Restrictions have since been tightened, but the virus has now gotten away – with public health experts saying that there is almost zero chance of crushing the virus back down to zero cases.
“I think we have to admit that the containment efforts for this Delta variant are not looking great and we might need to change our expectations of what victory is here,” said Professor Joel Negin this week.
Eight million residents of the state of New South Wales are now confronted with the likelihood of being hermetically sealed-off from the rest of the country until the end of the year, or until 80% of the population is vaccinated – whichever comes first – as the states of Victoria, Queensland and South Australia each deploy hundreds of officers to secure their borders from potentially infected Sydney-siders.
When the current rate of vaccination is factored in, with relative high levels of vaccine hesitancy among the Australian population – which currently stands at around 30% – it is foreseeable that some eight million New South Wales residents will remain isolated from the rest of the country until well into the new year.

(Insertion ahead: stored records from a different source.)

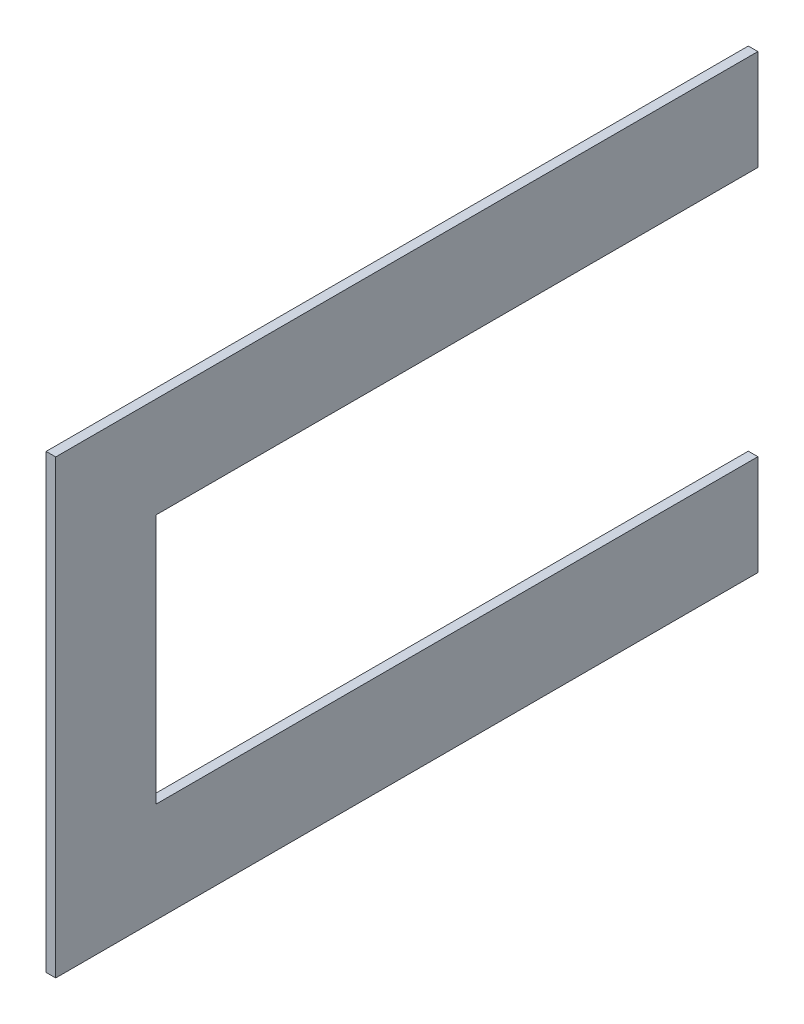
from build123d import *

# Parameters (mm, degrees)
SKETCH1_W           = 114.7953
SKETCH1_H           = 19.1516
SKETCH1_W_2         = 19.1516
BOSS_EXTRUDE1_DEPTH = 1.8288


with BuildPart() as part:
    # Sketch1 → Boss-Extrude1 (new body)
    with BuildSketch(Plane(origin=(0, 0, 0), x_dir=(0, 0, -1), z_dir=(1, 0, 0))):
        Polygon((-31.179336382, -25.30028674), (-31.179336382, 22.47711326), (-31.179336382, 41.62871326), (-50.330936382, 41.62871326), (-50.330936382, -25.30028674), align=None)
        with Locations((26.218313618, 32.05291326)):
            Rectangle(SKETCH1_W, SKETCH1_H)
        with Locations((26.218313618, -34.87608674)):
            Rectangle(SKETCH1_W, SKETCH1_H)
        with Locations((-40.755136382, -34.87608674)):
            Rectangle(SKETCH1_W_2, SKETCH1_H)
    extrude(amount=BOSS_EXTRUDE1_DEPTH)


solid = part.part

The right-wing shock jocks, including Murdoch media stable horses Alan Jones and Andrew Bolt, are now calling Berejiklan “gutless” for extending the city’s lockdown, as others urge her to “let the virus rip” across the state in the name of “saving the economy”. In other words, the same arguments and logic that killed 800,000 people in America and UK while bringing no measurable advantage to their economies.
Nicole Hemmer, an associate research professor at Columbia University, says that bogus claims about lockdowns and vaccines has become “the backbone” of right-wing radio, whereby commentators tell their listeners that left-wing political parties and the ‘liberal media’ are conspiring to exaggerate the threat of the Coronavirus in order to “take your freedoms and seize power”.
In the US, Australia, and the UK, right-wing broadcasting has become the frontline in the right’s ‘culture war’ against everything ‘woke’, including anti-racist and pro-LBGTQ movements.
“The sector is booming thanks to changes in listening habits driven by online listening and smart speakers, social media-driven debates, and a growing desire for US-style punchy political commentary after the Brexit referendum,” observes Jim Waterson in the UK’s Guardian.
For Denis Muller, these right-wing shock jocks have “created a successful business model built on outrage”. They have figured out what frightens and outrages older, whiter and lower-educated audiences, and how to pour fuel onto their fears and angsts.
Their reactionary diatribes have a part to play in Australia’s current COVID calamity.